The response mismatches between donors and recipients were also found in human trials. Recently, two clinical trials have evaluated the safety and efficacy of transferring fecal microbiota from anti-PD-1 responders to non-responders [96, 98]. Davar et al. found that among 15 melanoma patients who were resistant to PD-1 inhibitors, six of them exhibited clinical benefits after receiving FMT [98]. Among the six patients who got benefits, three showed objective responses (ORs), while the remaining three showed stable disease (SD) for more than 12 months. Intriguingly, though there are seven donors in total, all three recipients who turned into responders received gut microbiome from an identical donor [98]. In another phase one clinical trial, the security and feasibility of FMT were demonstrated in patients with metastatic melanoma [96]. Two patients who had received PD-1 inhibitors and achieved complete response (CR) for at least 1 year were selected as donors in this trial. Their gut microbiomes were separately transplanted to five recipients who did not respond to anti-PD-1 therapy. Three of the recipients achieved responses after FTM with only mild adverse events, and all three responsive recipients received gut microbiome from the same donor (donor 1). The gene sets analysis demonstrated that donor 1-group recipients upregulated some immune-related gene sets (such as antigen-presenting cell (APC) activity, innate immunity, and IL-12) while donor 2-group recipients did not [96]. Gopalakrishnan et al. analyzed the fecal microbiome of melanoma patients undergoing anti-PD-1 immunotherapy (n = 43, responders:non-responder = 30:13). The patients were separated into two distinct communities by unsupervised hierarchical clustering of crOTU abundances without the input of response data. The first community is composed entirely of responders, while the second community consists of both responders and non-responders, suggesting that some responders may share similar gut microbiome features with non-responders [29]. These results suggest that different mechanisms may underlie patient response, either dependent on the gut microbiota or primarily driven by other factors (such as the expression of PD-L1). Thus, one possible hypothesis is that only the responders relying on unique gut microbiome features different from non-responders would be suitable and effective candidates for FMT donors.
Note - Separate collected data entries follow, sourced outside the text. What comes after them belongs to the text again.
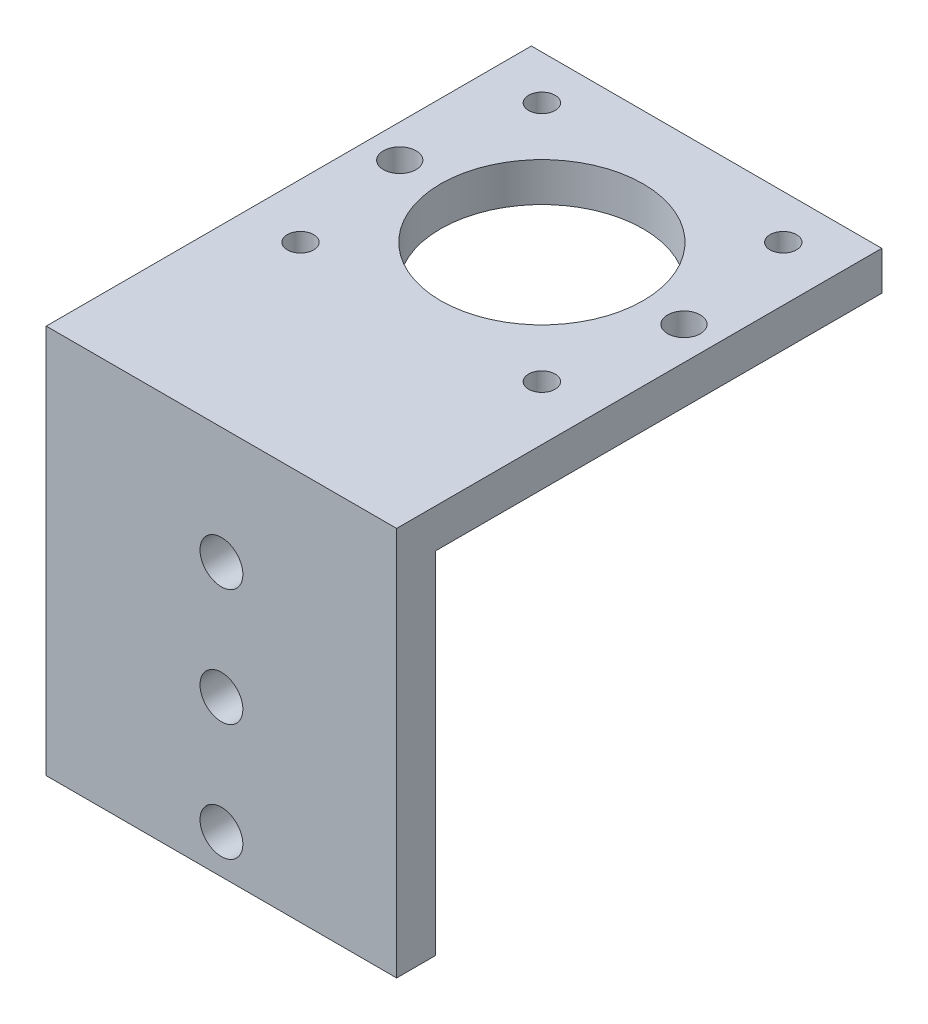
ISO-10303-21;
HEADER;
FILE_DESCRIPTION(('STEP AP214'),'2;1');
FILE_NAME('part.step','',(''),(''),'','','');
FILE_SCHEMA(('AUTOMOTIVE_DESIGN { 1 0 10303 214 1 1 1 1 }'));
ENDSEC;
DATA;
#1=APPLICATION_CONTEXT('core data for automotive mechanical design processes');
#2=APPLICATION_PROTOCOL_DEFINITION('international standard','automotive_design',2000,#1);
#3=PRODUCT_CONTEXT('',#1,'mechanical');
#4=PRODUCT('Part','Part','',(#3));
#5=PRODUCT_RELATED_PRODUCT_CATEGORY('part','',(#4));
#6=PRODUCT_DEFINITION_FORMATION('','',#4);
#7=PRODUCT_DEFINITION_CONTEXT('part definition',#1,'design');
#8=PRODUCT_DEFINITION('design','',#6,#7);
#9=PRODUCT_DEFINITION_SHAPE('','',#8);
#10=(LENGTH_UNIT() NAMED_UNIT(*) SI_UNIT(.MILLI.,.METRE.));
#11=(NAMED_UNIT(*) PLANE_ANGLE_UNIT() SI_UNIT($,.RADIAN.));
#12=(NAMED_UNIT(*) SI_UNIT($,.STERADIAN.) SOLID_ANGLE_UNIT());
#13=UNCERTAINTY_MEASURE_WITH_UNIT(LENGTH_MEASURE(1.E-05),#10,'distance_accuracy_value','');
#14=(GEOMETRIC_REPRESENTATION_CONTEXT(3) GLOBAL_UNCERTAINTY_ASSIGNED_CONTEXT((#13)) GLOBAL_UNIT_ASSIGNED_CONTEXT((#10,
#11,#12)) REPRESENTATION_CONTEXT('',''));
#15=CARTESIAN_POINT('',(0.,0.,0.));
#16=DIRECTION('',(0.,0.,1.));
#17=DIRECTION('',(1.,0.,0.));
#18=AXIS2_PLACEMENT_3D('',#15,#16,#17);
#19=CARTESIAN_POINT('',(0.,5.,0.));
#20=DIRECTION('',(0.,-1.,0.));
#21=DIRECTION('',(0.,0.,-1.));
#22=AXIS2_PLACEMENT_3D('',#19,#20,#21);
#23=PLANE('',#22);
#24=CARTESIAN_POINT('',(-18.25,5.,0.));
#25=DIRECTION('',(0.,1.,0.));
#26=DIRECTION('',(0.,0.,1.));
#27=AXIS2_PLACEMENT_3D('',#24,#25,#26);
#28=CIRCLE('',#27,2.1);
#29=CARTESIAN_POINT('',(-18.25,5.,2.1));
#30=VERTEX_POINT('',#29);
#31=EDGE_CURVE('E378',#30,#30,#28,.T.);
#32=ORIENTED_EDGE('',*,*,#31,.F.);
#33=EDGE_LOOP('',(#32));
#34=FACE_BOUND('',#33,.T.);
#35=CARTESIAN_POINT('',(18.25,5.,0.));
#36=DIRECTION('',(0.,1.,0.));
#37=DIRECTION('',(0.,0.,1.));
#38=AXIS2_PLACEMENT_3D('',#35,#36,#37);
#39=CIRCLE('',#38,2.1);
#40=CARTESIAN_POINT('',(18.25,5.,2.1));
#41=VERTEX_POINT('',#40);
#42=EDGE_CURVE('E174',#41,#41,#39,.T.);
#43=ORIENTED_EDGE('',*,*,#42,.F.);
#44=EDGE_LOOP('',(#43));
#45=FACE_BOUND('',#44,.T.);
#46=CARTESIAN_POINT('',(-15.5,5.,-15.5));
#47=DIRECTION('',(0.,1.,0.));
#48=DIRECTION('',(0.,0.,1.));
#49=AXIS2_PLACEMENT_3D('',#46,#47,#48);
#50=CIRCLE('',#49,1.7);
#51=CARTESIAN_POINT('',(-15.5,5.,-13.8));
#52=VERTEX_POINT('',#51);
#53=EDGE_CURVE('E163',#52,#52,#50,.T.);
#54=ORIENTED_EDGE('',*,*,#53,.F.);
#55=EDGE_LOOP('',(#54));
#56=FACE_BOUND('',#55,.T.);
#57=CARTESIAN_POINT('',(-15.5,5.,15.5));
#58=DIRECTION('',(0.,1.,0.));
#59=DIRECTION('',(0.,0.,1.));
#60=AXIS2_PLACEMENT_3D('',#57,#58,#59);
#61=CIRCLE('',#60,1.7);
#62=CARTESIAN_POINT('',(-15.5,5.,17.2));
#63=VERTEX_POINT('',#62);
#64=EDGE_CURVE('E162',#63,#63,#61,.T.);
#65=ORIENTED_EDGE('',*,*,#64,.F.);
#66=EDGE_LOOP('',(#65));
#67=FACE_BOUND('',#66,.T.);
#68=CARTESIAN_POINT('',(15.5,5.,-15.5));
#69=DIRECTION('',(0.,1.,0.));
#70=DIRECTION('',(0.,0.,1.));
#71=AXIS2_PLACEMENT_3D('',#68,#69,#70);
#72=CIRCLE('',#71,1.7);
#73=CARTESIAN_POINT('',(15.5,5.,-13.8));
#74=VERTEX_POINT('',#73);
#75=EDGE_CURVE('E156',#74,#74,#72,.T.);
#76=ORIENTED_EDGE('',*,*,#75,.F.);
#77=EDGE_LOOP('',(#76));
#78=FACE_BOUND('',#77,.T.);
#79=CARTESIAN_POINT('',(0.,5.,0.));
#80=DIRECTION('',(0.,1.,0.));
#81=DIRECTION('',(0.,0.,1.));
#82=AXIS2_PLACEMENT_3D('',#79,#80,#81);
#83=CIRCLE('',#82,13.);
#84=CARTESIAN_POINT('',(0.,5.,13.));
#85=VERTEX_POINT('',#84);
#86=EDGE_CURVE('E155',#85,#85,#83,.T.);
#87=ORIENTED_EDGE('',*,*,#86,.F.);
#88=EDGE_LOOP('',(#87));
#89=FACE_BOUND('',#88,.T.);
#90=DIRECTION('',(0.,0.,1.));
#91=VECTOR('',#90,1.);
#92=CARTESIAN_POINT('',(-22.5,5.,-21.15));
#93=LINE('',#92,#91);
#94=CARTESIAN_POINT('',(-22.5,5.,-21.15));
#95=VERTEX_POINT('',#94);
#96=CARTESIAN_POINT('',(-22.5,5.,41.15));
#97=VERTEX_POINT('',#96);
#98=EDGE_CURVE('E101',#95,#97,#93,.T.);
#99=ORIENTED_EDGE('',*,*,#98,.T.);
#100=DIRECTION('',(1.,0.,0.));
#101=VECTOR('',#100,1.);
#102=CARTESIAN_POINT('',(-22.5,5.,41.15));
#103=LINE('',#102,#101);
#104=CARTESIAN_POINT('',(22.5,5.,41.15));
#105=VERTEX_POINT('',#104);
#106=EDGE_CURVE('E118',#97,#105,#103,.T.);
#107=ORIENTED_EDGE('',*,*,#106,.T.);
#108=DIRECTION('',(0.,0.,-1.));
#109=VECTOR('',#108,1.);
#110=CARTESIAN_POINT('',(22.5,5.,-21.15));
#111=LINE('',#110,#109);
#112=CARTESIAN_POINT('',(22.5,5.,-21.15));
#113=VERTEX_POINT('',#112);
#114=EDGE_CURVE('E142',#105,#113,#111,.T.);
#115=ORIENTED_EDGE('',*,*,#114,.T.);
#116=DIRECTION('',(-1.,0.,0.));
#117=VECTOR('',#116,1.);
#118=CARTESIAN_POINT('',(22.5,5.,-21.15));
#119=LINE('',#118,#117);
#120=EDGE_CURVE('E58',#113,#95,#119,.T.);
#121=ORIENTED_EDGE('',*,*,#120,.T.);
#122=EDGE_LOOP('',(#99,#107,#115,#121));
#123=FACE_BOUND('',#122,.T.);
#124=CARTESIAN_POINT('',(15.5,5.,15.5));
#125=DIRECTION('',(0.,1.,0.));
#126=DIRECTION('',(0.,0.,1.));
#127=AXIS2_PLACEMENT_3D('',#124,#125,#126);
#128=CIRCLE('',#127,1.7);
#129=CARTESIAN_POINT('',(15.5,5.,17.2));
#130=VERTEX_POINT('',#129);
#131=EDGE_CURVE('E159',#130,#130,#128,.T.);
#132=ORIENTED_EDGE('',*,*,#131,.F.);
#133=EDGE_LOOP('',(#132));
#134=FACE_BOUND('',#133,.T.);
#135=ADVANCED_FACE('F39',(#34,#45,#56,#67,#78,#89,#123,#134),#23,.F.);
#136=CARTESIAN_POINT('',(-22.5,5.,-21.15));
#137=DIRECTION('',(1.,0.,0.));
#138=DIRECTION('',(0.,0.,-1.));
#139=AXIS2_PLACEMENT_3D('',#136,#137,#138);
#140=PLANE('',#139);
#141=DIRECTION('',(0.,0.,1.));
#142=VECTOR('',#141,1.);
#143=CARTESIAN_POINT('',(-22.5,0.,-21.15));
#144=LINE('',#143,#142);
#145=CARTESIAN_POINT('',(-22.5,0.,-21.15));
#146=VERTEX_POINT('',#145);
#147=CARTESIAN_POINT('',(-22.5,0.,36.15));
#148=VERTEX_POINT('',#147);
#149=EDGE_CURVE('E78',#146,#148,#144,.T.);
#150=ORIENTED_EDGE('',*,*,#149,.T.);
#151=DIRECTION('',(0.,1.,0.));
#152=VECTOR('',#151,1.);
#153=CARTESIAN_POINT('',(-22.5,0.,36.15));
#154=LINE('',#153,#152);
#155=CARTESIAN_POINT('',(-22.5,-45.,36.15));
#156=VERTEX_POINT('',#155);
#157=EDGE_CURVE('E123',#156,#148,#154,.T.);
#158=ORIENTED_EDGE('',*,*,#157,.F.);
#159=DIRECTION('',(0.,0.,-1.));
#160=VECTOR('',#159,1.);
#161=CARTESIAN_POINT('',(-22.5,-45.,36.15));
#162=LINE('',#161,#160);
#163=CARTESIAN_POINT('',(-22.5,-45.,41.15));
#164=VERTEX_POINT('',#163);
#165=EDGE_CURVE('E110',#164,#156,#162,.T.);
#166=ORIENTED_EDGE('',*,*,#165,.F.);
#167=DIRECTION('',(0.,-1.,0.));
#168=VECTOR('',#167,1.);
#169=CARTESIAN_POINT('',(-22.5,-45.,41.15));
#170=LINE('',#169,#168);
#171=EDGE_CURVE('E121',#97,#164,#170,.T.);
#172=ORIENTED_EDGE('',*,*,#171,.F.);
#173=ORIENTED_EDGE('',*,*,#98,.F.);
#174=DIRECTION('',(0.,-1.,0.));
#175=VECTOR('',#174,1.);
#176=CARTESIAN_POINT('',(-22.5,5.,-21.15));
#177=LINE('',#176,#175);
#178=EDGE_CURVE('E49',#95,#146,#177,.T.);
#179=ORIENTED_EDGE('',*,*,#178,.T.);
#180=EDGE_LOOP('',(#150,#158,#166,#172,#173,#179));
#181=FACE_BOUND('',#180,.T.);
#182=ADVANCED_FACE('F41',(#181),#140,.F.);
#183=CARTESIAN_POINT('',(22.5,5.,-21.15));
#184=DIRECTION('',(-1.,0.,0.));
#185=DIRECTION('',(0.,0.,1.));
#186=AXIS2_PLACEMENT_3D('',#183,#184,#185);
#187=PLANE('',#186);
#188=DIRECTION('',(0.,0.,-1.));
#189=VECTOR('',#188,1.);
#190=CARTESIAN_POINT('',(22.5,0.,-21.15));
#191=LINE('',#190,#189);
#192=CARTESIAN_POINT('',(22.5,0.,36.15));
#193=VERTEX_POINT('',#192);
#194=CARTESIAN_POINT('',(22.5,0.,-21.15));
#195=VERTEX_POINT('',#194);
#196=EDGE_CURVE('E69',#193,#195,#191,.T.);
#197=ORIENTED_EDGE('',*,*,#196,.T.);
#198=DIRECTION('',(0.,-1.,0.));
#199=VECTOR('',#198,1.);
#200=CARTESIAN_POINT('',(22.5,5.,-21.15));
#201=LINE('',#200,#199);
#202=EDGE_CURVE('E11',#113,#195,#201,.T.);
#203=ORIENTED_EDGE('',*,*,#202,.F.);
#204=ORIENTED_EDGE('',*,*,#114,.F.);
#205=DIRECTION('',(0.,-1.,0.));
#206=VECTOR('',#205,1.);
#207=CARTESIAN_POINT('',(22.5,-45.,41.15));
#208=LINE('',#207,#206);
#209=CARTESIAN_POINT('',(22.5,-45.,41.15));
#210=VERTEX_POINT('',#209);
#211=EDGE_CURVE('E134',#105,#210,#208,.T.);
#212=ORIENTED_EDGE('',*,*,#211,.T.);
#213=DIRECTION('',(0.,0.,-1.));
#214=VECTOR('',#213,1.);
#215=CARTESIAN_POINT('',(22.5,-45.,36.15));
#216=LINE('',#215,#214);
#217=CARTESIAN_POINT('',(22.5,-45.,36.15));
#218=VERTEX_POINT('',#217);
#219=EDGE_CURVE('E112',#210,#218,#216,.T.);
#220=ORIENTED_EDGE('',*,*,#219,.T.);
#221=DIRECTION('',(0.,1.,0.));
#222=VECTOR('',#221,1.);
#223=CARTESIAN_POINT('',(22.5,0.,36.15));
#224=LINE('',#223,#222);
#225=EDGE_CURVE('E126',#218,#193,#224,.T.);
#226=ORIENTED_EDGE('',*,*,#225,.T.);
#227=EDGE_LOOP('',(#197,#203,#204,#212,#220,#226));
#228=FACE_BOUND('',#227,.T.);
#229=ADVANCED_FACE('F229',(#228),#187,.F.);
#230=CARTESIAN_POINT('',(22.5,5.,-21.15));
#231=DIRECTION('',(0.,0.,1.));
#232=DIRECTION('',(1.,0.,0.));
#233=AXIS2_PLACEMENT_3D('',#230,#231,#232);
#234=PLANE('',#233);
#235=DIRECTION('',(-1.,0.,0.));
#236=VECTOR('',#235,1.);
#237=CARTESIAN_POINT('',(22.5,0.,-21.15));
#238=LINE('',#237,#236);
#239=EDGE_CURVE('E143',#195,#146,#238,.T.);
#240=ORIENTED_EDGE('',*,*,#239,.T.);
#241=ORIENTED_EDGE('',*,*,#178,.F.);
#242=ORIENTED_EDGE('',*,*,#120,.F.);
#243=ORIENTED_EDGE('',*,*,#202,.T.);
#244=EDGE_LOOP('',(#240,#241,#242,#243));
#245=FACE_BOUND('',#244,.T.);
#246=ADVANCED_FACE('F238',(#245),#234,.F.);
#247=CARTESIAN_POINT('',(0.,0.,0.));
#248=DIRECTION('',(0.,-1.,0.));
#249=DIRECTION('',(0.,0.,-1.));
#250=AXIS2_PLACEMENT_3D('',#247,#248,#249);
#251=PLANE('',#250);
#252=CARTESIAN_POINT('',(-18.25,0.,0.));
#253=DIRECTION('',(0.,-1.,0.));
#254=DIRECTION('',(0.,0.,-1.));
#255=AXIS2_PLACEMENT_3D('',#252,#253,#254);
#256=CIRCLE('',#255,2.09999999999999);
#257=CARTESIAN_POINT('',(-18.25,0.,-2.09999999999999));
#258=VERTEX_POINT('',#257);
#259=EDGE_CURVE('E376',#258,#258,#256,.T.);
#260=ORIENTED_EDGE('',*,*,#259,.F.);
#261=EDGE_LOOP('',(#260));
#262=FACE_BOUND('',#261,.T.);
#263=CARTESIAN_POINT('',(18.25,0.,0.));
#264=DIRECTION('',(0.,-1.,0.));
#265=DIRECTION('',(0.,0.,-1.));
#266=AXIS2_PLACEMENT_3D('',#263,#264,#265);
#267=CIRCLE('',#266,2.09999999999999);
#268=CARTESIAN_POINT('',(18.25,0.,-2.09999999999999));
#269=VERTEX_POINT('',#268);
#270=EDGE_CURVE('E43',#269,#269,#267,.T.);
#271=ORIENTED_EDGE('',*,*,#270,.F.);
#272=EDGE_LOOP('',(#271));
#273=FACE_BOUND('',#272,.T.);
#274=CARTESIAN_POINT('',(-15.5,0.,-15.5));
#275=DIRECTION('',(0.,-1.,0.));
#276=DIRECTION('',(0.,0.,-1.));
#277=AXIS2_PLACEMENT_3D('',#274,#275,#276);
#278=CIRCLE('',#277,1.69999999999999);
#279=CARTESIAN_POINT('',(-15.5,0.,-17.2));
#280=VERTEX_POINT('',#279);
#281=EDGE_CURVE('E160',#280,#280,#278,.T.);
#282=ORIENTED_EDGE('',*,*,#281,.F.);
#283=EDGE_LOOP('',(#282));
#284=FACE_BOUND('',#283,.T.);
#285=CARTESIAN_POINT('',(-15.5,0.,15.5));
#286=DIRECTION('',(0.,-1.,0.));
#287=DIRECTION('',(0.,0.,-1.));
#288=AXIS2_PLACEMENT_3D('',#285,#286,#287);
#289=CIRCLE('',#288,1.69999999999999);
#290=CARTESIAN_POINT('',(-15.5,0.,13.8));
#291=VERTEX_POINT('',#290);
#292=EDGE_CURVE('E167',#291,#291,#289,.T.);
#293=ORIENTED_EDGE('',*,*,#292,.F.);
#294=EDGE_LOOP('',(#293));
#295=FACE_BOUND('',#294,.T.);
#296=CARTESIAN_POINT('',(15.5,0.,15.5));
#297=DIRECTION('',(0.,-1.,0.));
#298=DIRECTION('',(0.,0.,-1.));
#299=AXIS2_PLACEMENT_3D('',#296,#297,#298);
#300=CIRCLE('',#299,1.69999999999999);
#301=CARTESIAN_POINT('',(15.5,0.,13.8));
#302=VERTEX_POINT('',#301);
#303=EDGE_CURVE('E157',#302,#302,#300,.T.);
#304=ORIENTED_EDGE('',*,*,#303,.F.);
#305=EDGE_LOOP('',(#304));
#306=FACE_BOUND('',#305,.T.);
#307=CARTESIAN_POINT('',(15.5,0.,-15.5));
#308=DIRECTION('',(0.,-1.,0.));
#309=DIRECTION('',(0.,0.,-1.));
#310=AXIS2_PLACEMENT_3D('',#307,#308,#309);
#311=CIRCLE('',#310,1.69999999999999);
#312=CARTESIAN_POINT('',(15.5,0.,-17.2));
#313=VERTEX_POINT('',#312);
#314=EDGE_CURVE('E152',#313,#313,#311,.T.);
#315=ORIENTED_EDGE('',*,*,#314,.F.);
#316=EDGE_LOOP('',(#315));
#317=FACE_BOUND('',#316,.T.);
#318=CARTESIAN_POINT('',(0.,0.,0.));
#319=DIRECTION('',(0.,1.,0.));
#320=DIRECTION('',(0.,0.,1.));
#321=AXIS2_PLACEMENT_3D('',#318,#319,#320);
#322=CIRCLE('',#321,13.);
#323=CARTESIAN_POINT('',(0.,0.,13.));
#324=VERTEX_POINT('',#323);
#325=EDGE_CURVE('E184',#324,#324,#322,.T.);
#326=ORIENTED_EDGE('',*,*,#325,.T.);
#327=EDGE_LOOP('',(#326));
#328=FACE_BOUND('',#327,.T.);
#329=ORIENTED_EDGE('',*,*,#149,.F.);
#330=ORIENTED_EDGE('',*,*,#239,.F.);
#331=ORIENTED_EDGE('',*,*,#196,.F.);
#332=DIRECTION('',(1.,0.,0.));
#333=VECTOR('',#332,1.);
#334=CARTESIAN_POINT('',(-22.5,0.,36.15));
#335=LINE('',#334,#333);
#336=EDGE_CURVE('E137',#148,#193,#335,.T.);
#337=ORIENTED_EDGE('',*,*,#336,.F.);
#338=EDGE_LOOP('',(#329,#330,#331,#337));
#339=FACE_BOUND('',#338,.T.);
#340=ADVANCED_FACE('F234',(#262,#273,#284,#295,#306,#317,#328,#339),#251,.T.);
#341=CARTESIAN_POINT('',(-22.5,0.,36.15));
#342=DIRECTION('',(0.,0.,-1.));
#343=DIRECTION('',(0.,1.,0.));
#344=AXIS2_PLACEMENT_3D('',#341,#342,#343);
#345=PLANE('',#344);
#346=CARTESIAN_POINT('',(0.,-10.,36.15));
#347=DIRECTION('',(0.,0.,-1.));
#348=DIRECTION('',(0.,1.,0.));
#349=AXIS2_PLACEMENT_3D('',#346,#347,#348);
#350=CIRCLE('',#349,2.75);
#351=CARTESIAN_POINT('',(0.,-7.25000000000001,36.15));
#352=VERTEX_POINT('',#351);
#353=EDGE_CURVE('E188',#352,#352,#350,.T.);
#354=ORIENTED_EDGE('',*,*,#353,.F.);
#355=EDGE_LOOP('',(#354));
#356=FACE_BOUND('',#355,.T.);
#357=CARTESIAN_POINT('',(0.,-25.,36.15));
#358=DIRECTION('',(0.,0.,-1.));
#359=DIRECTION('',(0.,1.,0.));
#360=AXIS2_PLACEMENT_3D('',#357,#358,#359);
#361=CIRCLE('',#360,2.75);
#362=CARTESIAN_POINT('',(0.,-22.25,36.15));
#363=VERTEX_POINT('',#362);
#364=EDGE_CURVE('E196',#363,#363,#361,.T.);
#365=ORIENTED_EDGE('',*,*,#364,.F.);
#366=EDGE_LOOP('',(#365));
#367=FACE_BOUND('',#366,.T.);
#368=CARTESIAN_POINT('',(0.,-40.,36.15));
#369=DIRECTION('',(0.,0.,-1.));
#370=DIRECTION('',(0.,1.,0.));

In conclusion, the immunotherapy response in recipients after FMT sometimes, but not always, paralleled the clinical response of the donors. Though limited by the sample size, these results still clued that the donors (responders) of FMT should be selected carefully. Therefore, we proposed that classification among the responders according to the gut microbiome, as well as the screening criteria of FMT donors, should be further explored in the future.

Antibiotics usage

Antibiotics are frequently administered prior to or during cancer immunotherapy, which can significantly alter the gut microbiome and lead to dysbiosis characterized by reduced bacterial diversity and altered composition of the gut microbiota. Given the significant impact of gut microbiota on cancer immunotherapy, exploring the correlation between antibiotics and immunotherapy efficacy is particularly intriguing. Most of the research showed that antibiotic administration is harmful to immunotherapy in different kinds of cancers, such as melanoma, lung cancers, and renal cancers [99,100,101,102,103]. However, divergent perspectives were proposed in liver cancer recently [104, 105]. The dual function of antibiotics and the unique characteristics of liver cancer in immunotherapy will be discussed in this section.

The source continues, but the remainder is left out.